I haven’t really written anything for weeks. My journal, which often has the odd messy paragraph or two of a blog idea in its pages alongside reminders of appointments and reminders to request my next prescription, hasn’t had an entry in for a few months. Even when I have had an idea for something, I end up either forgetting about it or losing interest in it before I get the moment to write it.

I thought that the various lockdowns would make me more productive on the blog front, being at home more. While it did do that for a time, come the third lockdown and the gradual easing of restrictions I had just lost enthusiasm. Not just for writing, but for other things that used to interest me.

I also fell into bad habits. I never used to keep my phone by my bed, because I thought that it would be the first thing I reached for when I woke up in the morning and therefore keep me from getting out of bed. Turns out I was right. I now turn it off and keep it in my sock drawer at night (it’s helped a bit). I’m also trying to use my phone less, turning it off for an hour or so during the day and sometimes leaving it at home when I go for a walk in order to prevent getting too obsessed over the number of steps I’ve walked.

The biggest habit I’m trying to quit though is Twitter.

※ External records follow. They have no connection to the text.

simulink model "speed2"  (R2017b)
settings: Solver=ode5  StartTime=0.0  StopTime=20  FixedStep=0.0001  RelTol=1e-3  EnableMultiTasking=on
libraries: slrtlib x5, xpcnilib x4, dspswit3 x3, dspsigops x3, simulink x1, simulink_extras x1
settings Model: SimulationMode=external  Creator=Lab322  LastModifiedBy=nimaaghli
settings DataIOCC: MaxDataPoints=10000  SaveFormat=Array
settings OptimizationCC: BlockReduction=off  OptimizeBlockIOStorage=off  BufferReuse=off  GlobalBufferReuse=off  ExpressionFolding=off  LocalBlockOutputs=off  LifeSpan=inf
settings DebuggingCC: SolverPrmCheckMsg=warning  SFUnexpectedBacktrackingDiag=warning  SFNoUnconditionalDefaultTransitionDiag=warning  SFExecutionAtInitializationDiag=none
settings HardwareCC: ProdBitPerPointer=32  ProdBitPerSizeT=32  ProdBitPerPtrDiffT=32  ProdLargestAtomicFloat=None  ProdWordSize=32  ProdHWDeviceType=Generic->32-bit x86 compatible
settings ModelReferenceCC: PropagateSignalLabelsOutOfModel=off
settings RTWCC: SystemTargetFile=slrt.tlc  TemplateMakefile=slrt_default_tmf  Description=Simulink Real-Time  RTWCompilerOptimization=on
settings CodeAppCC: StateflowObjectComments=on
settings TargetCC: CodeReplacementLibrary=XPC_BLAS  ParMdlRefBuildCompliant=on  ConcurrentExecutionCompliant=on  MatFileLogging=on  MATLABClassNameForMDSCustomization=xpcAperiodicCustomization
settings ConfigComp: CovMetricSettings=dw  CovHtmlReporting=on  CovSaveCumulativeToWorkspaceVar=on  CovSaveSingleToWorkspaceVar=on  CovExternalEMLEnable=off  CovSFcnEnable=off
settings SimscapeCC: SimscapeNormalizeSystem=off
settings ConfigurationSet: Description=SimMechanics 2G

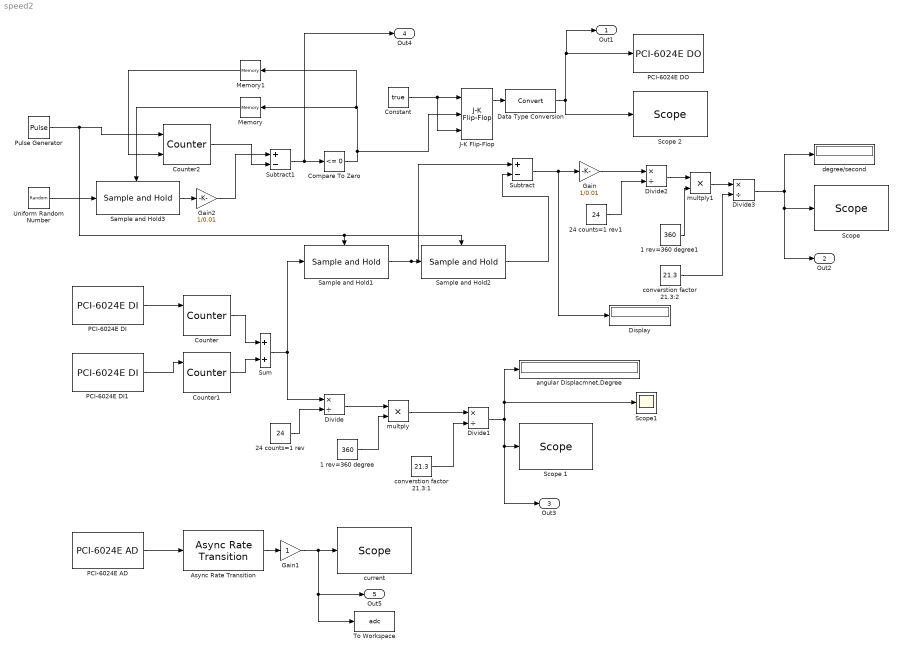
== system speed2 ==
  1 rev=360 degree : Constant  Value=360
  1 rev=360 degree1 : Constant  Value=360
  24 counts=1 rev : Constant  Value=24
  24 counts=1 rev1 : Constant  Value=24
  "Async Rate Transition " : slrtlib/Asynchronous Event/Async Rate Transition   sample_time=0.001
      settings: SourceProductName=Simulink Real-Time  SourceProductBaseCode=XP
  Compare To Zero : simulink/Logic and Bit Operations/Compare To Zero  relop=<=  OutDataTypeStr=boolean
  Constant : Constant  Value=true
  Counter : dspswit3/Counter  Direction=Up  CountEvent=Rising edge  CounterSize=User defined  MaxCount=10000000  InitialCount=0  Output=Count  HitValue=32  ResetInput=on  SamplesPerFrame=1  Ts=1  CntDtype=double  HitDtype=Logical
  Counter1 : dspswit3/Counter  Direction=Up  CountEvent=Rising edge  CounterSize=User defined  MaxCount=10000000  InitialCount=0  Output=Count  HitValue=32  ResetInput=on  SamplesPerFrame=1  Ts=1  CntDtype=double  HitDtype=Logical
  Counter2 : dspswit3/Counter  Direction=Up  CountEvent=Rising edge  CounterSize=User defined  MaxCount=100000000  InitialCount=0  Output=Count  HitValue=32  ResetInput=on  SamplesPerFrame=1  Ts=1  CntDtype=double  HitDtype=Logical
  Data Type Conversion : DataTypeConversion
  Display : Display
  Divide{,1..3} (4 alike) : Product  Inputs=*/
  Gain : Gain  Gain=1/0.01
  Gain1 : Gain
  Gain2 : Gain  Gain=1/0.01
  J-K Flip-Flop : simulink_extras/Flip Flops/J-K Flip-Flop  initial_condition=0
      settings: SourceProductName=Simulink
  Memory : Memory
  Memory1 : Memory
  PCI-6024E AD : xpcnilib/A//D/E Series/PCI-6024E AD  channel=[1]  range=[-10]  coupling=[0]  sampletime=0.0001  slot=-1
      settings: SourceProductName=Simulink Real-Time  SourceProductBaseCode=XP
  PCI-6024E DI : xpcnilib/Digital Input/E Series/PCI-6024E DI  channel=[7]  sampletime=0.0001  slot=-1
      settings: SourceProductName=Simulink Real-Time  SourceProductBaseCode=XP
  PCI-6024E DI1 : xpcnilib/Digital Input/E Series/PCI-6024E DI  channel=[8]  sampletime=0.0001  slot=-1
      settings: SourceProductName=Simulink Real-Time  SourceProductBaseCode=XP
  PCI-6024E DO : xpcnilib/Digital Output/E Series/PCI-6024E DO  channel=[3]  reset=[1]  initValue=[0]  sampletime=0.0001  slot=-1
      settings: SourceProductName=Simulink Real-Time  SourceProductBaseCode=XP
  Pulse Generator : DiscretePulseGenerator  PulseType=Time based  Period=0.01  PulseWidth=50
  Sample and Hold1 : dspsigops/Sample and Hold  trig=Rising edge  initCond=0  latchinput=on
  Sample and Hold2 : dspsigops/Sample and Hold  trig=Rising edge  initCond=0  latchinput=on
  Sample and Hold3 : dspsigops/Sample and Hold  trig=Rising edge  initCond=2  latchinput=off
  "Scope " : slrtlib/Displays and Logging/Scope   scopeno=1  scopetype=Target  autostart=on  viewmode=Graphical redraw  formatstr='%15.6f'  grid=on  ylimits=[0,0]  nosamples=250  noprepostsamples=0  interleave=1  triggermode=FreeRun  triggersignal=1  trigsignalfromport=off  triggerlevel=0.0  triggerslope=Either  triggerscope=1  triggersample=0  filename=data.dat  mode=Lazy  writesize=512  autorestart=off  dynamicfilemode=off  maxwritefilesize=512*1024^2
  Scope 1 : slrtlib/Displays and Logging/Scope   scopeno=3  scopetype=Target  autostart=on  viewmode=Graphical redraw  formatstr='%15.6f'  grid=on  ylimits=[0,0]  nosamples=600  noprepostsamples=0  interleave=1  triggermode=FreeRun  triggersignal=1  trigsignalfromport=off  triggerlevel=0.0  triggerslope=Either  triggerscope=1  triggersample=0  filename=data.dat  mode=Lazy  writesize=512  autorestart=off  dynamicfilemode=off  maxwritefilesize=512*1024^2
  Scope 2 : slrtlib/Displays and Logging/Scope   scopeno=4  scopetype=Target  autostart=on  viewmode=Graphical redraw  formatstr='%15.6f'  grid=on  ylimits=[0,0]  nosamples=600  noprepostsamples=0  interleave=1  triggermode=FreeRun  triggersignal=1  trigsignalfromport=off  triggerlevel=0.0  triggerslope=Either  triggerscope=1  triggersample=0  filename=data.dat  mode=Lazy  writesize=512  autorestart=off  dynamicfilemode=off  maxwritefilesize=512*1024^2
  Scope1 : Scope
  Subtract : Sum  Inputs=+-
  Subtract1 : Sum  Inputs=+-
  Sum : Sum
  To Workspace : ToWorkspace  VariableName=adc  SampleTime=-1
  Uniform Random Number : UniformRandomNumber  Minimum=0  SampleTime=0.0001
  angular Displacmnet,Degree : Display
  converstion factor 21.3:1 : Constant  Value=21.3
  converstion factor 21.3:2 : Constant  Value=21.3
  current : slrtlib/Displays and Logging/Scope   scopeno=2  scopetype=Target  autostart=on  viewmode=Graphical redraw  formatstr='%15.6f'  grid=on  ylimits=[0,0]  nosamples=60000  noprepostsamples=0  interleave=1  triggermode=FreeRun  triggersignal=1  trigsignalfromport=off  triggerlevel=0.0  triggerslope=Either  triggerscope=1  triggersample=0  filename=data.dat  mode=Lazy  writesize=512  autorestart=off  dynamicfilemode=off  maxwritefilesize=512*1024^2
  degree/second : Display
  multply : Product  Inputs=**
  multply1 : Product  Inputs=**
  Out1 : Outport
  Out2 : Outport  Port=2
  Out3 : Outport  Port=3
  Out4 : Outport  Port=4
  Out5 : Outport  Port=5
  wires:
  PCI-6024E DI/1 -> Counter/1
  Sample and Hold1/1 -> Subtract/1, Sample and Hold2/1
  Sample and Hold2/1 -> Subtract/2
  PCI-6024E DI1/1 -> Counter1/1
  Sum/1 -> Divide/1, Sample and Hold1/1
  Counter/1 -> Sum/1
  Counter1/1 -> Sum/2
  Subtract/1 -> Display/1, Gain/1
  24 counts=1 rev/1 -> Divide/2
  converstion factor 21.3:1/1 -> Divide1/2
  multply/1 -> Divide1/1
  Divide/1 -> multply/1
  1 rev=360 degree/1 -> multply/2
  Divide1/1 -> angular Displacmnet,Degree/1, Scope1/1, Out3/1, Scope 1/1
  24 counts=1 rev1/1 -> Divide2/2
  converstion factor 21.3:2/1 -> Divide3/2
  multply1/1 -> Divide3/1
  Divide2/1 -> multply1/1
  1 rev=360 degree1/1 -> multply1/2
  Gain/1 -> Divide2/1
  Divide3/1 -> degree/second/1, Out2/1, "Scope "/1
  PCI-6024E AD/1 -> "Async Rate Transition "/1
  "Async Rate Transition "/1 -> Gain1/1
  Gain1/1 -> Out5/1, To Workspace/1, current/1
  Pulse Generator/1 -> Sample and Hold2/Trigger, Sample and Hold1/Trigger, Counter2/1
  Uniform Random Number/1 -> Sample and Hold3/1
  Subtract1/1 -> Out4/1, Compare To Zero/1
  Compare To Zero/1 -> J-K Flip-Flop/2, Memory1/1, Memory/1
  Sample and Hold3/1 -> Gain2/1
  Gain2/1 -> Subtract1/1
  Memory/1 -> Sample and Hold3/Trigger
  Counter2/1 -> Subtract1/2
  Memory1/1 -> Counter2/2
  J-K Flip-Flop/1 -> Data Type Conversion/1
  Constant/1 -> J-K Flip-Flop/3, J-K Flip-Flop/1
  Data Type Conversion/1 -> PCI-6024E DO/1, Out1/1, Scope 2/1

I decided to give it up almost a year ago as it was affecting me a lot and not in a good way. I did manage to stay away from posting on it until Christmas, when I then decided to dip in to post a message and then log out again. I went back on it properly with the aim of keeping my time on it per day to a bare minimum and not look at what’s trending. I have realised that I am once again slipping into the cesspit so I’m planning on getting out of it again before it overwhelms me like it did last time.